Most historical fiction is 'historically wrong', that's why it's fiction. 



> A woman described as she would have been in that era by someone of that era is correct and the writer in no way wrong.
> 
> Of course there are now taboo subjects but even that is really rewriting history by not talking about it as it actually was.



Look man, I don't think you get the point. People don't read about the past because they want to hear Henry VIII's imagined hot take on Ann Boleyn's nipples, y'know? They read it because they are interested in aspects of the era. It's not all or nothing, right? It's possible to 'talk about it as it actually was' without having to be subjected to the less interesting ramblings of 'description'. Nobody is advocating for historical accounts to be censored or anything. But historical fiction isn't just 'a book set in a past time period' it is 'a book set in a past time period _​with relevance and interest to modern readers'_


----------



## Annoying kid (Jun 12, 2020)

> There is a difference between having to comment on something and choosing to comment on it. Unfortunately, there are far too many people out there who have been indoctrinated into the belief that there is rampant sexism and racism everywhere, therefore they see "evidence" for it everywhere they look. This is called confirmation bias, the tendency to interpret new evidence as confirmation of one's existing beliefs or theories.

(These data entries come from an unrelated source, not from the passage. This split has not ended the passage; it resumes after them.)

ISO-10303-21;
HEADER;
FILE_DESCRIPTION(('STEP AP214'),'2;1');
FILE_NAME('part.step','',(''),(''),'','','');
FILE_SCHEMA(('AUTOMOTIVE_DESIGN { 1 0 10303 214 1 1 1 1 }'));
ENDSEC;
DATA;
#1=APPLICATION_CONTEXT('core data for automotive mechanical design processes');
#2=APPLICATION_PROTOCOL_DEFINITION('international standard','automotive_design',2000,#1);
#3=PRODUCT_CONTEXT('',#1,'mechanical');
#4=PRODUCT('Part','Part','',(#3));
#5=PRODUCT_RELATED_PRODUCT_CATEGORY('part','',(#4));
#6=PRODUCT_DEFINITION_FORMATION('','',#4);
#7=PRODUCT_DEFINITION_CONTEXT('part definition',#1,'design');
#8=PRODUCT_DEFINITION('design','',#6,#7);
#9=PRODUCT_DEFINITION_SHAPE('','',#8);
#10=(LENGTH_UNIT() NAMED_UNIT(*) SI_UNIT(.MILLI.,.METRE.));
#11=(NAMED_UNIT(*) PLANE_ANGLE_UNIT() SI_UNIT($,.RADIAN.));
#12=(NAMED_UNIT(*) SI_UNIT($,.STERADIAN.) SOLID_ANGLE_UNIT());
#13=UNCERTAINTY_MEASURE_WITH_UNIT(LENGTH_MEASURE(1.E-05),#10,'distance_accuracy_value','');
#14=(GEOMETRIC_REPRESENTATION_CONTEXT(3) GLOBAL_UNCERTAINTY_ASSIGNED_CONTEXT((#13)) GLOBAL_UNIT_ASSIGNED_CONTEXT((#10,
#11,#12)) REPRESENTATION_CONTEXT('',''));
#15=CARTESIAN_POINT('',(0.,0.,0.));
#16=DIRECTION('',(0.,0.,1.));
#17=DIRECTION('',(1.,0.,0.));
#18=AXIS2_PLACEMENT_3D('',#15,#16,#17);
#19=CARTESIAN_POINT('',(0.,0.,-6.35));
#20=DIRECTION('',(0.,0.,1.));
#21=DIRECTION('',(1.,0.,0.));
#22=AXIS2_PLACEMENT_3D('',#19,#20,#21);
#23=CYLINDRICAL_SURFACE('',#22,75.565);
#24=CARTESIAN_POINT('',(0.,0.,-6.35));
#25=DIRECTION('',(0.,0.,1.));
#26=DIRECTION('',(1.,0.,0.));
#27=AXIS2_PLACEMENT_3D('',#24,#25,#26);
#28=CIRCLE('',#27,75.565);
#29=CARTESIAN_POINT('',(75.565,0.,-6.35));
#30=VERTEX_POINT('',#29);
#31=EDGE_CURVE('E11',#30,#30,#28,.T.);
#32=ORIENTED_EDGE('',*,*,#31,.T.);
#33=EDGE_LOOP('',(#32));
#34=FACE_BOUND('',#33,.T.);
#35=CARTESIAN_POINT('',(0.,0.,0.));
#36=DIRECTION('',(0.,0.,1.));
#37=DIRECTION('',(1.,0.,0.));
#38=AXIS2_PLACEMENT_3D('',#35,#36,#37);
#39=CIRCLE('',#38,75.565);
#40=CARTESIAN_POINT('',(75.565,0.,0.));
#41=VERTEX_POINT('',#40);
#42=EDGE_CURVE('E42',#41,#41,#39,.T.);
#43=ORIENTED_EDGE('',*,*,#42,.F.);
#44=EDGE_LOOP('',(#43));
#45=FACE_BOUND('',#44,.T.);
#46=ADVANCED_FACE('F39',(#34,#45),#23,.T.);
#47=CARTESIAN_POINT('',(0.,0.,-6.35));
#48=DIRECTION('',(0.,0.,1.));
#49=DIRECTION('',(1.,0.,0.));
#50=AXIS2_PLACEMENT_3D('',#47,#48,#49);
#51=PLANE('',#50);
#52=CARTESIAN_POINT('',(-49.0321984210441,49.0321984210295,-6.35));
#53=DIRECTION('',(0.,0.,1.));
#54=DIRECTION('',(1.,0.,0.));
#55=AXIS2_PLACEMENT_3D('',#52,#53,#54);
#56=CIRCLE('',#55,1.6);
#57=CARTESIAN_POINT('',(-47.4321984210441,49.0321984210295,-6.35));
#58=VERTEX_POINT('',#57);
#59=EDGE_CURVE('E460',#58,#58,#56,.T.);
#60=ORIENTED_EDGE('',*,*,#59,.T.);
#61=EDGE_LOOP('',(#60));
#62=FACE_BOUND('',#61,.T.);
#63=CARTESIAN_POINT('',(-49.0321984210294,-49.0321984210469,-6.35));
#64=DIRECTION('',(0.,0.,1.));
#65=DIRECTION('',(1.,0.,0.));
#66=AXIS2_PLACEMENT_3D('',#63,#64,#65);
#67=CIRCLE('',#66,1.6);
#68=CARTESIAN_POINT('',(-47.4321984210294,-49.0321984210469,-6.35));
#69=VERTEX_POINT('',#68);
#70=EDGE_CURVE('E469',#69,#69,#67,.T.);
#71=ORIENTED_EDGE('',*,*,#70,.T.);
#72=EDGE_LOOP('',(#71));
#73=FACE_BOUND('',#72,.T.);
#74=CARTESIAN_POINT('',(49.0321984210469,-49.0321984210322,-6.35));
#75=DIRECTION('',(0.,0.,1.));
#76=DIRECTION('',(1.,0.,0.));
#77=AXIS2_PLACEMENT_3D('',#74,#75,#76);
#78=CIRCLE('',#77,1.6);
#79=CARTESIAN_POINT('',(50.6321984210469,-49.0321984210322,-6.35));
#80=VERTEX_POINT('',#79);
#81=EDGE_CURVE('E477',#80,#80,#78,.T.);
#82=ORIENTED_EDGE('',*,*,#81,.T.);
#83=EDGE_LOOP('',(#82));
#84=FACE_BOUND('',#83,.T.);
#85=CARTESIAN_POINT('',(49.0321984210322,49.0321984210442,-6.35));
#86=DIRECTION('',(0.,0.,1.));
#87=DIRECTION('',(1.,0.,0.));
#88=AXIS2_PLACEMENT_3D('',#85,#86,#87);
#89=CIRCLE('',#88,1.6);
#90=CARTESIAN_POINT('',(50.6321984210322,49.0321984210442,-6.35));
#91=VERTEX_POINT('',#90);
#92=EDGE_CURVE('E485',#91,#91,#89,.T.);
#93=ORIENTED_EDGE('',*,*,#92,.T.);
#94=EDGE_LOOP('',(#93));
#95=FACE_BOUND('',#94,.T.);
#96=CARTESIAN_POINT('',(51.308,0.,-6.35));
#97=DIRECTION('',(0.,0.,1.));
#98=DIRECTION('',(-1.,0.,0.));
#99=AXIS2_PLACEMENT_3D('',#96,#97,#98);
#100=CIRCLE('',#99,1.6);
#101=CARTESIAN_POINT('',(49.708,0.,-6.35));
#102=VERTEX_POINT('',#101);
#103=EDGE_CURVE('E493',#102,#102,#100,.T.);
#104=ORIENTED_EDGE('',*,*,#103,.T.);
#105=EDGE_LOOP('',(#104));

Actually this is called Ad Hominem fallacy. Debating the person instead of the argument. 



> Yet when you set aside those preconceived notions, it is clear that the data doesn't actually support any of those conclusions.


 
My claim, is that the threshold for criticism for female characters, especially those of colour, is lower than that of male, requiring the writer to write the female character *better* than the male just to break even. This is on topic as it concerns the writing of women.  

But lets talk about your counter evidence.  So do you have evidence of Mary Sue accusations in any male character reaching a level of notoriety that major motion picture actors feel the need to defend themselves against it? ( Daisy Ridley, Star Wars) Have you seen evidence of male characters being accused of being "SJW propaganda" and being criticised to such an extent that actors have given speeches about it? (Brie Larson). Or of male actors of characters having to shut down their social media due to sustained harrassment over their characters? https://en.wikipedia.org/wiki/Kelly_Marie_Tran#Harassment_and_attacks To entire female casts having to do so (2016 Ghostbusters) including Leslie Jones being called a "Gorilla" by provocateur Milo Yianopolous. 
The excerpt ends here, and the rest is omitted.